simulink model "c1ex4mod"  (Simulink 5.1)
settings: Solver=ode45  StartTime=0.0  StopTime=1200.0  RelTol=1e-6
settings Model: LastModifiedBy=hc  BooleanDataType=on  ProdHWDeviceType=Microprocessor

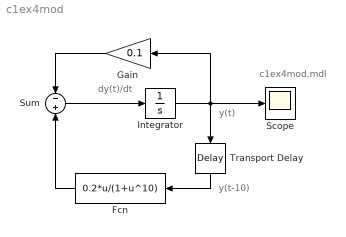
== system c1ex4mod ==
  note: y(t)
  note: y(t-10)
  note: dy(t)/dt
  note: c1ex4mod.mdl
  Fcn : Fcn  Orientation=left  Expr=0.2*u/(1+u^10)
  Gain : Gain  Orientation=left  Gain=0.1  SaturateOnIntegerOverflow=on
  Integrator : Integrator  InitialCondition=0.1
  Scope : Scope
      settings: TimeRange=1200  YMin=-0.2678571428571441  YMax=1.81547619047619
  Sum : Sum  Inputs=-|+  SaturateOnIntegerOverflow=on  InputSameDT=on
  Transport Delay : TransportDelay  Orientation=down  DelayTime=30
  wires:
  Integrator/1 -> Transport Delay/1, Gain/1, Scope/1
  Transport Delay/1 -> Fcn/1
  Sum/1 -> Integrator/1
  Fcn/1 -> Sum/2
  Gain/1 -> Sum/1

---*---

The expected answer is the data retyped exactly, without pictures.

- **Output of the exercise**:
simulink model "c1ex4mod"  (Simulink 5.1)
settings: Solver=ode45  StartTime=0.0  StopTime=1200.0  RelTol=1e-6
settings Model: LastModifiedBy=hc  BooleanDataType=on  ProdHWDeviceType=Microprocessor

== system c1ex4mod ==
  note: y(t)
  note: y(t-10)
  note: dy(t)/dt
  note: c1ex4mod.mdl
  Fcn : Fcn  Orientation=left  Expr=0.2*u/(1+u^10)
  Gain : Gain  Orientation=left  Gain=0.1  SaturateOnIntegerOverflow=on
  Integrator : Integrator  InitialCondition=0.1
  Scope : Scope
      settings: TimeRange=1200  YMin=-0.2678571428571441  YMax=1.81547619047619
  Sum : Sum  Inputs=-|+  SaturateOnIntegerOverflow=on  InputSameDT=on
  Transport Delay : TransportDelay  Orientation=down  DelayTime=30
  wires:
  Integrator/1 -> Transport Delay/1, Gain/1, Scope/1
  Transport Delay/1 -> Fcn/1
  Sum/1 -> Integrator/1
  Fcn/1 -> Sum/2
  Gain/1 -> Sum/1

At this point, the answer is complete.